Sunday, May 2, 2010
1. Chicken – 1 kg (Medium cut, less bones or boneless)
2. Grated coconut – 1 1/2 cup
3. Spices - Poppy seeds – 2 tsp, Fennel seeds(perumjeerakam) – 1 tsp,Coriander seeds – 1 tsp,Jeera – 1/2 tsp,Red chilli – 6-8,Cinnamon stick – 1 medium size piece,Cardamom – 4,Clove – 3,Star anise – 1/2,
4. Ginger - garlic Paste- 1 tbsp each
5. Turmeric powder – 1/2 tsp,Chili powder – 1 tsp
6. Onion Shallots ( Sambhar Onion) - 15- 20 ( sliced)
7. Tomato – 2 medium ( Cut into small pieces)
8. Lemon – 1
9. Curry leaves - the more the merrier ( about 10 leaves) , mustard seeds - 1 tbsp
Clean the chicken and cut into medium size pieces. Marinate the chicken in lime juice, tumeric powder and salt and keep aside for about 20 - 30 mins.
Fry the coconut with number 3 ingredients in oil, till it turn golden brown. Let it cool completely. Do not add water while grinding.This needs to be well ground and a thin film of oil ( from the coconut) will start to appear.
Heat oil in a bottom heavy pan, splutter the mustard seeds, curry leaves and add sliced shallots and fry it till it becomes golden brown. Add tomato and turmeric and chili powder and mix well. Add salt to taste Add the ground coconut paste and stir it continuously for a few minutes.

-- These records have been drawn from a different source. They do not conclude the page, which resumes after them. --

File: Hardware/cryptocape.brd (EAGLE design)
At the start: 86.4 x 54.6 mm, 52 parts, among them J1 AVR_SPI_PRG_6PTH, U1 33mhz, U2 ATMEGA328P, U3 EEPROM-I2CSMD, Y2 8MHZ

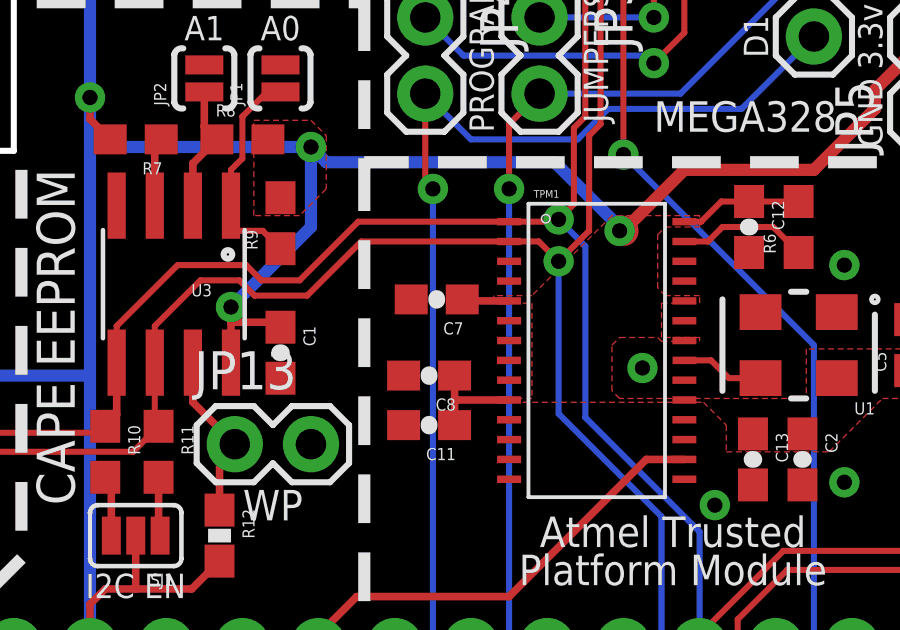
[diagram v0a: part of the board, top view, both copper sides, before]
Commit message: fixed capacitor C7 alignment to match C11
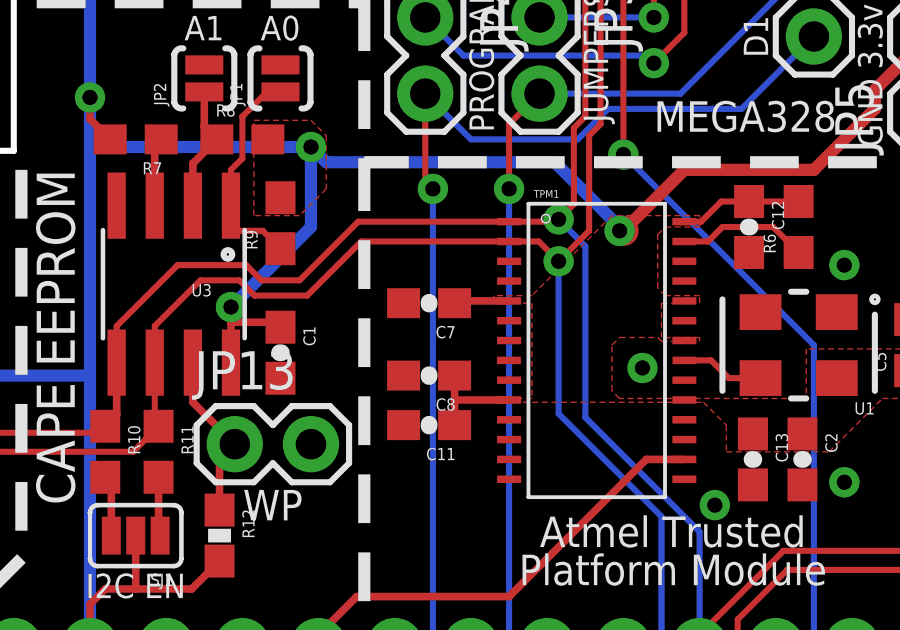
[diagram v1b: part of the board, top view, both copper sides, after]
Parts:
- moved C7 0.28 mm to (34.2, 15.9)
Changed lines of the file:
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@@
 <setting verticaltext="up"/>
 </settings>
-<grid distance="0.01" unitdist="inch" unit="inch" style="lines" multiple="1" display="yes" altdistance="0.005" altunitdist="inch" altunit="inch"/>
+<grid distance="0.005" unitdist="inch" unit="inch" style="lines" multiple="1" display="yes" altdistance="0.005" altunitdist="inch" altunit="inch"/>
 <layers>
 <layer number="1" name="Top" color="4" fill="1" visible="yes" active="yes"/>
@@
 <attribute name="VALUE" value="0.1uF" x="46.609" y="10.668" size="1.778" layer="27" rot="R270" display="off"/>
 </element>
-<element name="C7" library="SparkFun-Capacitors" package="0603-CAP" value="2200pf" x="34.417" y="16.002" rot="R180">
-<attribute name="PROD_ID" value="CAP-07877" x="34.417" y="16.002" size="1.778" layer="27" rot="R180" display="off"/>
-<attribute name="VALUE" value="2.2nF" x="34.417" y="16.002" size="1.778" layer="27" rot="R180" display="off"/>
+<element name="C7" library="SparkFun-Capacitors" package="0603-CAP" value="2200pf" x="34.163" y="15.875" rot="R180">
+<attribute name="PROD_ID" value="CAP-07877" x="34.163" y="15.875" size="1.778" layer="27" rot="R180" display="off"/>
+<attribute name="VALUE" value="2.2nF" x="34.163" y="15.875" size="1.778" layer="27" rot="R180" display="off"/>
 </element>
 <element name="C8" library="SparkFun-Capacitors" package="0603-CAP" value="2200pf" x="34.163" y="13.462" rot="R180">
@@
 <wire x1="35.013" y1="12.6492" x2="35.013" y2="11.811" width="0.254" layer="1"/>
 <wire x1="36.83" y1="12.6492" x2="35.013" y2="12.6492" width="0.254" layer="1"/>
-<wire x1="36.83" y1="15.9512" x2="35.267" y2="15.9512" width="0.254" layer="1"/>
-<wire x1="35.267" y1="15.9512" x2="35.267" y2="16.002" width="0.254" layer="1"/>
+<wire x1="36.83" y1="15.9512" x2="35.14" y2="15.9512" width="0.254" layer="1"/>
+<wire x1="35.14" y1="15.9512" x2="35.013" y2="15.875" width="0.254" layer="1"/>
 <polygon width="0.2032" layer="1">
 <vertex x="36.322" y="16.129"/>

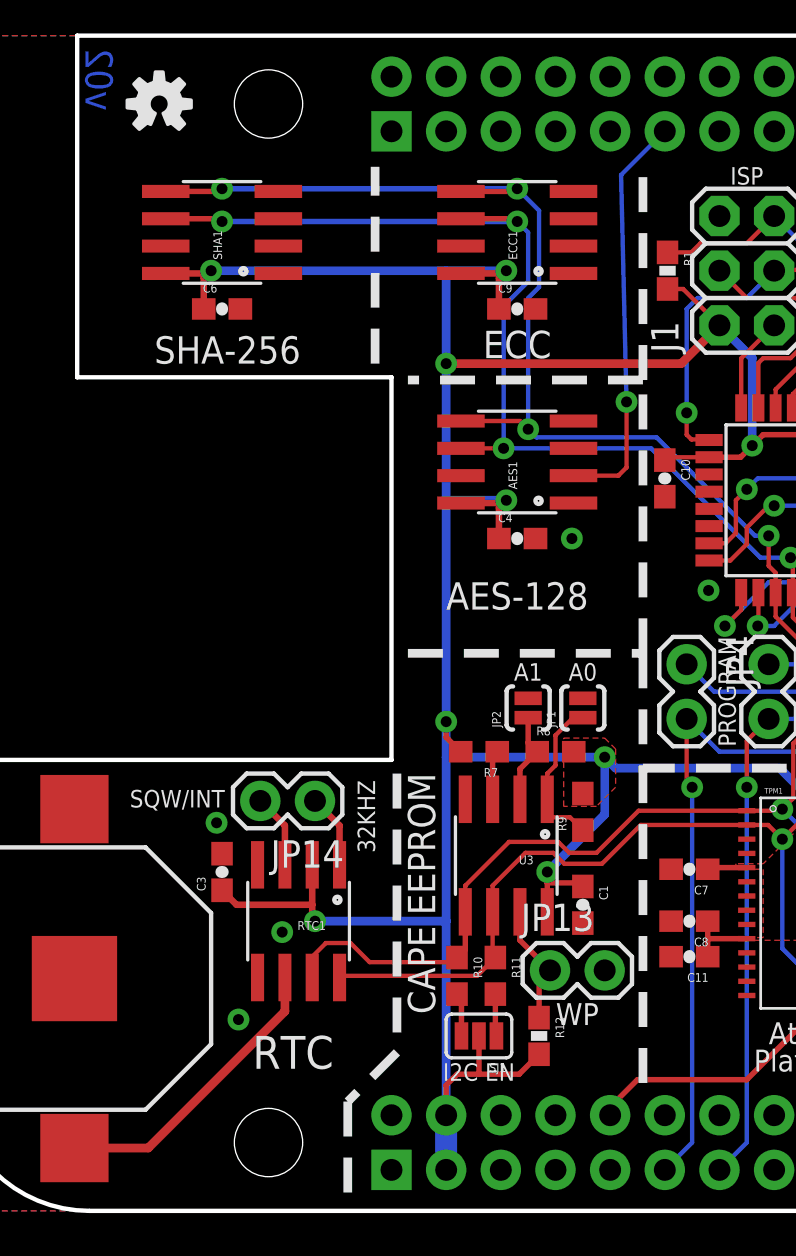
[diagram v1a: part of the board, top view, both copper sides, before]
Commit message: Fixed off angle wire and added TP for RTC battery.
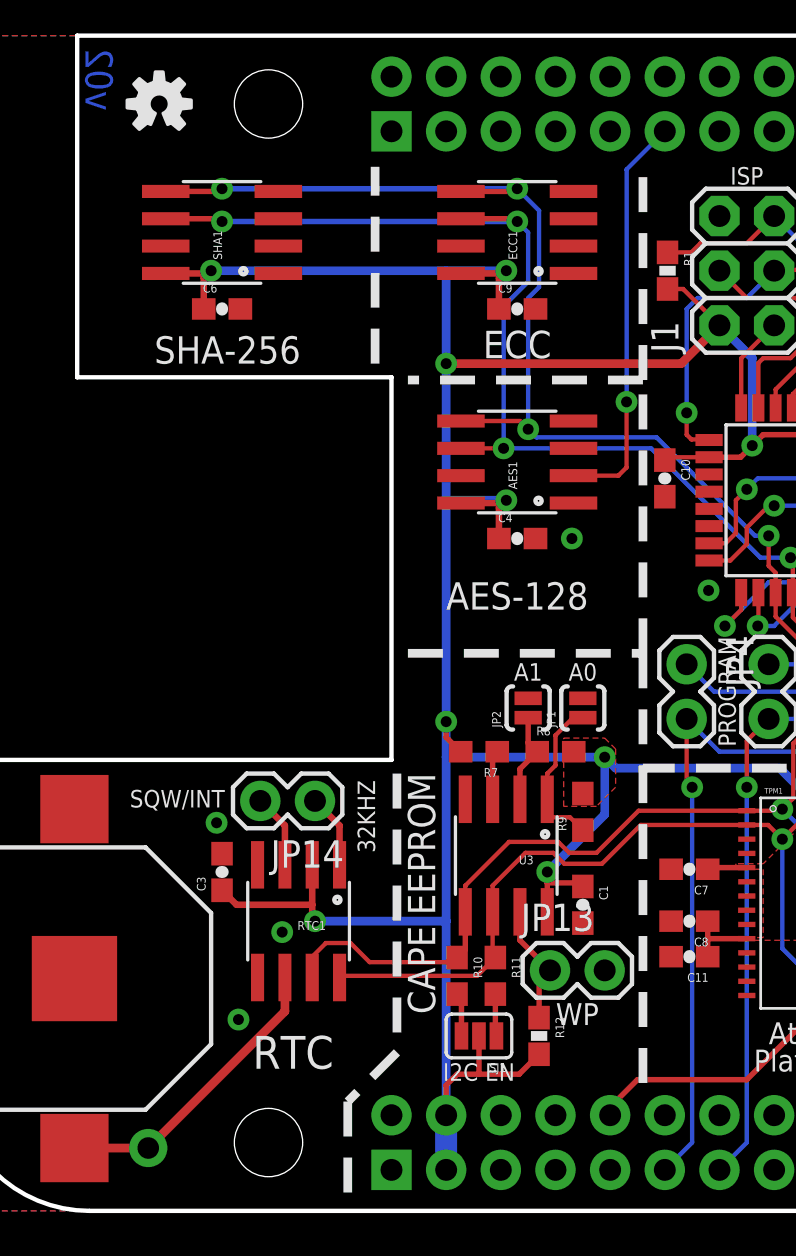
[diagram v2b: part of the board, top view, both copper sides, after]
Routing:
- net VBAT: vias 0 -> 1
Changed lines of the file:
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@@
 <wire x1="15.367" y1="9.271" x2="9.017" y2="2.921" width="0.4064" layer="1"/>
 <wire x1="5.588" y1="2.921" x2="9.017" y2="2.921" width="0.4064" layer="1"/>
+<via x="9.017" y="2.921" extent="1-16" drill="1" diameter="1.778"/>
 </signal>
 <signal name="I2C2_SCL">
@@
 <wire x1="31.242" y1="34.544" x2="31.242" y2="37.592" width="0.2032" layer="1"/>
 <via x="31.242" y="37.592" extent="1-16" drill="0.508"/>
-<wire x1="31.242" y1="37.592" x2="30.988" y2="48.133" width="0.2032" layer="16"/>
-<wire x1="30.988" y1="48.133" x2="33.02" y2="50.165" width="0.2032" layer="16"/>
+<wire x1="31.242" y1="37.592" x2="31.242" y2="48.387" width="0.2032" layer="16"/>
+<wire x1="31.242" y1="48.387" x2="33.02" y2="50.165" width="0.2032" layer="16"/>
 </signal>
 <signal name="N$34">

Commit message: Superficial changes to schematic and board.
- Fixes bent wire on schematic on BBB header.
- Changes "set" to "clear" on EEPROM
- Adds ATATES132 to I2C address list
- Resorts the list by address
- Changes "Atmel Trusted Platform Module" to TPM on brd
- Changes "MEGA328" to "m328P"
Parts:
- JP1: value Sets A0 -> Clears A0
- JP2: value Sets A1 -> Clears A1
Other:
- board text added: "TPM"
- board text added: "m328P"
- board text removed: "Atmel Trusted"
- board text removed: "MEGA328"
- board text removed: "Platform Module"
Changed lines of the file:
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@@
 <text x="28.956" y="9.652" size="1.016" layer="21" font="vector" ratio="16" rot="R180" align="bottom-center">WP</text>
 <text x="28.956" y="9.906" size="1.27" layer="22" font="vector" ratio="16" rot="MR180" align="bottom-center">WP</text>
-<text x="42.291" y="7.747" size="1.016" layer="21" font="vector" ratio="15" align="bottom-center">Atmel Trusted</text>
-<text x="42.291" y="6.477" size="1.016" layer="21" font="vector" ratio="15" align="bottom-center">Platform Module</text>
 <wire x1="50.546" y1="6.096" x2="50.546" y2="11.303" width="0.4064" layer="21" style="shortdash"/>
 <wire x1="50.546" y1="11.303" x2="51.689" y2="11.303" width="0.4064" layer="21" style="shortdash"/>
@@
 <text x="36.322" y="24.13" size="0.8128" layer="22" font="vector" ratio="15" rot="MR270" align="bottom-center">JUMPERS</text>
 <text x="26.162" y="27.94" size="1.27" layer="21" font="vector" ratio="15" align="bottom-center">AES-128</text>
-<text x="44.704" y="22.606" size="1.016" layer="21" font="vector" ratio="15" rot="R180" align="bottom-center">MEGA328</text>
+<text x="44.704" y="22.606" size="1.016" layer="21" font="vector" ratio="15" rot="R180" align="bottom-center">m328P</text>
 <text x="51.816" y="9.525" size="0.8128" layer="21" font="vector" ratio="15" rot="R90" align="bottom-center">SDA</text>
 <text x="51.816" y="6.985" size="0.8128" layer="21" font="vector" ratio="15" rot="R90" align="bottom-center">SCL</text>
@@
 <text x="6.096" y="52.578" size="1.27" layer="16" font="vector" ratio="15" rot="MR90" align="bottom-center">v02</text>
 <text x="50.8" y="-9.652" size="1.778" layer="51" ratio="15" rot="R180" align="bottom-right">Josh Datko / Casey Kuhns</text>
+<text x="42.291" y="6.477" size="1.524" layer="21" font="vector" ratio="15" align="bottom-center">TPM</text>
 </plain>
 <attributes>
@@
 <attribute name="PROD_ID" value="RES-07857" x="3.81" y="13.462" size="1.778" layer="27" rot="R90" display="off"/>
 </element>
-<element name="JP2" library="SparkFun-Passives" package="SJ_2S-NO" value="Sets A1" x="26.67" y="23.368" rot="R90"/>
-<element name="JP1" library="SparkFun-Passives" package="SJ_2S-NO" value="Sets A0" x="29.21" y="23.368" rot="R90"/>
+<element name="JP2" library="SparkFun-Passives" package="SJ_2S-NO" value="Clears A1" x="26.67" y="23.368" rot="R90"/>
+<element name="JP1" library="SparkFun-Passives" package="SJ_2S-NO" value="Clears A0" x="29.21" y="23.368" rot="R90"/>
 <element name="C1" library="SparkFun-Capacitors" package="0603-CAP" value="0.1u" x="29.21" y="14.224" rot="R270">
 <attribute name="PROD_ID" value="CAP-00810" x="44.45" y="100.584" size="1.778" layer="27" rot="R270" display="off"/>

Once the powders are fried well add chicken pieces, combine well and cook for 10 minutes. Add lemon juice and 2 cups water and cover and cook till the chicken is done. This curry has a thick gravy.
The addition of Tomato and lemon juice is important to reduce the pungent taste of the spices. Serve hot with rice / dosa/ bread / roti and so on...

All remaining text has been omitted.